Исследователи кибербезопасности из Trend Micro обнаружили атаку на цепочку поставок. Эта атака позволила злоумышленникам заразить миллионы устройств Android еще до того, как они вышли из завода. Пораженные устройства являются преимущественно бюджетными смартфонами, но атака распространилась на смарт-часы, смарт-телевизоры и другие смарт-устройства.

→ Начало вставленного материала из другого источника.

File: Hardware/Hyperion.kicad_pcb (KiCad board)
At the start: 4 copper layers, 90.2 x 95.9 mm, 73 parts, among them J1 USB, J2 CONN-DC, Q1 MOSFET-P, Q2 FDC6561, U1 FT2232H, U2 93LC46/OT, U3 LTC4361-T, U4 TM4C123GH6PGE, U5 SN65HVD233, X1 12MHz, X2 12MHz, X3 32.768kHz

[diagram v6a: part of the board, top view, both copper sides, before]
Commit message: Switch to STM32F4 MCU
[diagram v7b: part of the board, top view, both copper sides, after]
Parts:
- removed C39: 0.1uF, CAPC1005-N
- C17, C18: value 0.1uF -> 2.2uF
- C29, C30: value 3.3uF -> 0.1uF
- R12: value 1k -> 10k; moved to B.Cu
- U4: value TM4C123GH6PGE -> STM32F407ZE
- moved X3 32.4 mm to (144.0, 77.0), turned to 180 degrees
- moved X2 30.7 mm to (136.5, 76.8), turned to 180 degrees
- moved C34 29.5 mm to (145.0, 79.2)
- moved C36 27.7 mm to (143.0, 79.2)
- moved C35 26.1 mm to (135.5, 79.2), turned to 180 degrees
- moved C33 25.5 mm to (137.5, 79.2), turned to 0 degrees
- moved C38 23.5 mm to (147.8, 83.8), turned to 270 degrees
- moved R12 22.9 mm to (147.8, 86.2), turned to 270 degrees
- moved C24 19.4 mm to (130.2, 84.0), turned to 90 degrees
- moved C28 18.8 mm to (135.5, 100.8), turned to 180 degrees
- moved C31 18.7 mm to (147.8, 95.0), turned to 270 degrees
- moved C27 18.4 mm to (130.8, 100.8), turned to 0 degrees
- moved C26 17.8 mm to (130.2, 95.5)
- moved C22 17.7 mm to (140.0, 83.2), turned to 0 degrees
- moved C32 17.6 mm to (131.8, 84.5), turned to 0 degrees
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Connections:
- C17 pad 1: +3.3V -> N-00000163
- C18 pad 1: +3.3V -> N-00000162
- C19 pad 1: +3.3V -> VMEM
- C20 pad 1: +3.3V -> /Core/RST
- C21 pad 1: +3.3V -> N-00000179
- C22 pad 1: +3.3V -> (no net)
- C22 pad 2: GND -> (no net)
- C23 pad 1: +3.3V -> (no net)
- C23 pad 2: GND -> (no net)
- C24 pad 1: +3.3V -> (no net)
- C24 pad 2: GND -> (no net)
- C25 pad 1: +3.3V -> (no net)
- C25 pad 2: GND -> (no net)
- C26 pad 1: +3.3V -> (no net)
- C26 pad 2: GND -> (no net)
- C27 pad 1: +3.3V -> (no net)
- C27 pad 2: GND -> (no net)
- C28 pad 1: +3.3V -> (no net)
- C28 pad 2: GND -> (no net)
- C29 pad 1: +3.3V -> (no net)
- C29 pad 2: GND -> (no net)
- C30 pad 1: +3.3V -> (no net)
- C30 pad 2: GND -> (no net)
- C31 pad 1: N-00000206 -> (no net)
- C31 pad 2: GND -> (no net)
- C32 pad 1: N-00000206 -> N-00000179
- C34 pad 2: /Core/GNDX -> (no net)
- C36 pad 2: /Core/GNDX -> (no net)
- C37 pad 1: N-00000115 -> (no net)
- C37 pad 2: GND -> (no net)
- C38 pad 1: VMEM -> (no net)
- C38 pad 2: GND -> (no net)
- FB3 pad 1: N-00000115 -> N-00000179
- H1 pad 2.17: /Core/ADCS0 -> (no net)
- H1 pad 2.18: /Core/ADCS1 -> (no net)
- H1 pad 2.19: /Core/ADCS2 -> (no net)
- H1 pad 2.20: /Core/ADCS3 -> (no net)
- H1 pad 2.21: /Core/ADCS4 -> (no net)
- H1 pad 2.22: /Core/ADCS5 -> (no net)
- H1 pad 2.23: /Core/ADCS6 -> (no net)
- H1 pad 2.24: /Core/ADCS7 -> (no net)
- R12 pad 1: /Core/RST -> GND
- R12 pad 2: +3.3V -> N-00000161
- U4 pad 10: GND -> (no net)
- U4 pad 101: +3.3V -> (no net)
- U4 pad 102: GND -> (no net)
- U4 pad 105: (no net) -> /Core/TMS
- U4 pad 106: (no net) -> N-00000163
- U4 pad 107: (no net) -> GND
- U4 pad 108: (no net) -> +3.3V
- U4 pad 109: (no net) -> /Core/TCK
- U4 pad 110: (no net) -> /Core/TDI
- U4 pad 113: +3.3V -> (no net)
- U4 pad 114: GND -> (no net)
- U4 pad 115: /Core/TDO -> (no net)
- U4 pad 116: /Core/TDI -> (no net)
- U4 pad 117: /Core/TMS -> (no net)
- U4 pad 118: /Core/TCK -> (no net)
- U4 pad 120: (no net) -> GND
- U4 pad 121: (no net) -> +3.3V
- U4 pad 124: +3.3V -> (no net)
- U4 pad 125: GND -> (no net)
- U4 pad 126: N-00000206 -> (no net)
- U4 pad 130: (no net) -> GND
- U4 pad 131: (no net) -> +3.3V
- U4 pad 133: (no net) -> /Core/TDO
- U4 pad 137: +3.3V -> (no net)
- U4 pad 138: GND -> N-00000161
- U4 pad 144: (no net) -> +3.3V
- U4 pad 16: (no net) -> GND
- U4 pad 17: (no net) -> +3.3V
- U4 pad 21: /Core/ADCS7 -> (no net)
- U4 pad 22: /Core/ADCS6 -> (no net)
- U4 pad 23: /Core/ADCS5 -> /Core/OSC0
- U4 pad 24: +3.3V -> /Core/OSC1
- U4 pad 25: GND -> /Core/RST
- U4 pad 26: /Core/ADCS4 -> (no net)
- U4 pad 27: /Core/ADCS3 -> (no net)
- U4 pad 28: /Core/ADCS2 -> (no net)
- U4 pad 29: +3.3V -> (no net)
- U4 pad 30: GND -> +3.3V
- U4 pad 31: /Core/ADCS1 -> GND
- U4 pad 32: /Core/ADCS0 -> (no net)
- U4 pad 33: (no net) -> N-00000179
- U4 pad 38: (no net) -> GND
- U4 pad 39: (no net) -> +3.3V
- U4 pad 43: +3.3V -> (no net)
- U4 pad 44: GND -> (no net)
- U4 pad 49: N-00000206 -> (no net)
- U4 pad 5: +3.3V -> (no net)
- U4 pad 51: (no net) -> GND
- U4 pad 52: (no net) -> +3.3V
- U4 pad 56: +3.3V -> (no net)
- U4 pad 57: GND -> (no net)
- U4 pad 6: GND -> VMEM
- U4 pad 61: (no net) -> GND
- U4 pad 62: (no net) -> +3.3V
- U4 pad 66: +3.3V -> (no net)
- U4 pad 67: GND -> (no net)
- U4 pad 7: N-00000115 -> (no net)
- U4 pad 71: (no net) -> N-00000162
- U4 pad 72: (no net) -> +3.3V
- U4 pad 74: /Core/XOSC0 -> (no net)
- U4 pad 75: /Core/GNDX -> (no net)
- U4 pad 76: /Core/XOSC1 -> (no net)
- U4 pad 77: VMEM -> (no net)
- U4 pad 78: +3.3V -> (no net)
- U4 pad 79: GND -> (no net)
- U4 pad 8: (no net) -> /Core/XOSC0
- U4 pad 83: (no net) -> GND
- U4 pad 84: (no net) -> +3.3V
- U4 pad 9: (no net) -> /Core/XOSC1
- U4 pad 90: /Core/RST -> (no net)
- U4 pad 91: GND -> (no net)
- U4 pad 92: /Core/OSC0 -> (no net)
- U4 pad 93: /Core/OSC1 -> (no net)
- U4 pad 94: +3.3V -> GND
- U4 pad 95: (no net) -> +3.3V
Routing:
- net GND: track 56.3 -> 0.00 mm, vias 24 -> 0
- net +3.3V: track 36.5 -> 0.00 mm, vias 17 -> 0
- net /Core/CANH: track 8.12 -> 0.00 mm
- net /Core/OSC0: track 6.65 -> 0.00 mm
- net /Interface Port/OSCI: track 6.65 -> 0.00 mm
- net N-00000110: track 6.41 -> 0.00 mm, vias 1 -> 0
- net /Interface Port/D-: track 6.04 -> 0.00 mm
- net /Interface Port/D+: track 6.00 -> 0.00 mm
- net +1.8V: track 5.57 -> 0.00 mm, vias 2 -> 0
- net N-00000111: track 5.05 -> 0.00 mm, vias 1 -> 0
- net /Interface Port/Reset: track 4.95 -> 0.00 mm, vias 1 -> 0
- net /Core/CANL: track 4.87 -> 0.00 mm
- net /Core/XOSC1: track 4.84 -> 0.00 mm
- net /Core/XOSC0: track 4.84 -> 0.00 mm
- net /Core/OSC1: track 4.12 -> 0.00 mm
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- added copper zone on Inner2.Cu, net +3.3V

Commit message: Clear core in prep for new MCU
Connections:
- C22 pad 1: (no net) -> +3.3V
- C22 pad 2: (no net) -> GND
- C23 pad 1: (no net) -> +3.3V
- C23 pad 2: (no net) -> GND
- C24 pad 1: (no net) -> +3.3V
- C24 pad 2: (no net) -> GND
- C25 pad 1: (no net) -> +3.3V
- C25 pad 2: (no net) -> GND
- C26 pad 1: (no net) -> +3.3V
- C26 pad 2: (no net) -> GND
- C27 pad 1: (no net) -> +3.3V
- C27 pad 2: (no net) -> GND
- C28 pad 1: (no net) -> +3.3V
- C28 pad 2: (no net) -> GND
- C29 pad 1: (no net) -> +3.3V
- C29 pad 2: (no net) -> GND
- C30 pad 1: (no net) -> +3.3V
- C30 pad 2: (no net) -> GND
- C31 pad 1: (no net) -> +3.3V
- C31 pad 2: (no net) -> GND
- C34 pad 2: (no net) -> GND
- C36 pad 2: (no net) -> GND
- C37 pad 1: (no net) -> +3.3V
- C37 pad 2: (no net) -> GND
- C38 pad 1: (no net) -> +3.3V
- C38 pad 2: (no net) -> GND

Старший исследователь Trend Micro Федор Ярочкин и его коллега Чжэн Донг сообщили, что корень проблемы заключается в жестокой конкуренции между производителями.
Как оказалось, изготовители смартфонов производят не все компоненты. Прошивка, например, создается сторонним поставщиком. Однако поскольку цена на готовую прошивку мобильного телефона постоянно снижалась, поставщики не смогли зарабатывать достаточные деньги на своих продуктах.
Поэтому прошивки начали поступать с нежелательными приложениями в виде «тихих плагинов». В Trend Micro проанализировали десятки прошивок и нашли в некоторых из них 80 разных плагинов. По словам исследователей, некоторые плагины были частью более широкой бизнес-модели: их продавали на темных форумах и даже рекламировали на основных платформах социальных сетей и блогах.
Эти плагины способны похищать конфиденциальную информацию с устройства, похищать SMS-сообщения, контролировать учетные записи социальных сетей, использовать мошенничества с рекламой и кликами, злоупотреблять трафиком.
Один тип плагинов – прокси-плагины – позволяет преступникам сдавать устройства в аренду примерно на пять минут за раз.Например, те, кто арендует контроль над устройством, могут получить данные о нажатии клавиш, географическом расположении, IP-адресе и т.д.
В Trend Micro подсчитали, что зараженные прошивки нашли в телефонах 10 вендоров, но предполагают, что такие зараженные прошивки могут быть в телефонах 40 производителей. В общей сложности около девяти миллионов устройств во всем мире пострадали от этой атаки на цепь поставок, большинство из которых расположены в Юго-Восточной Азии и Восточной Европе.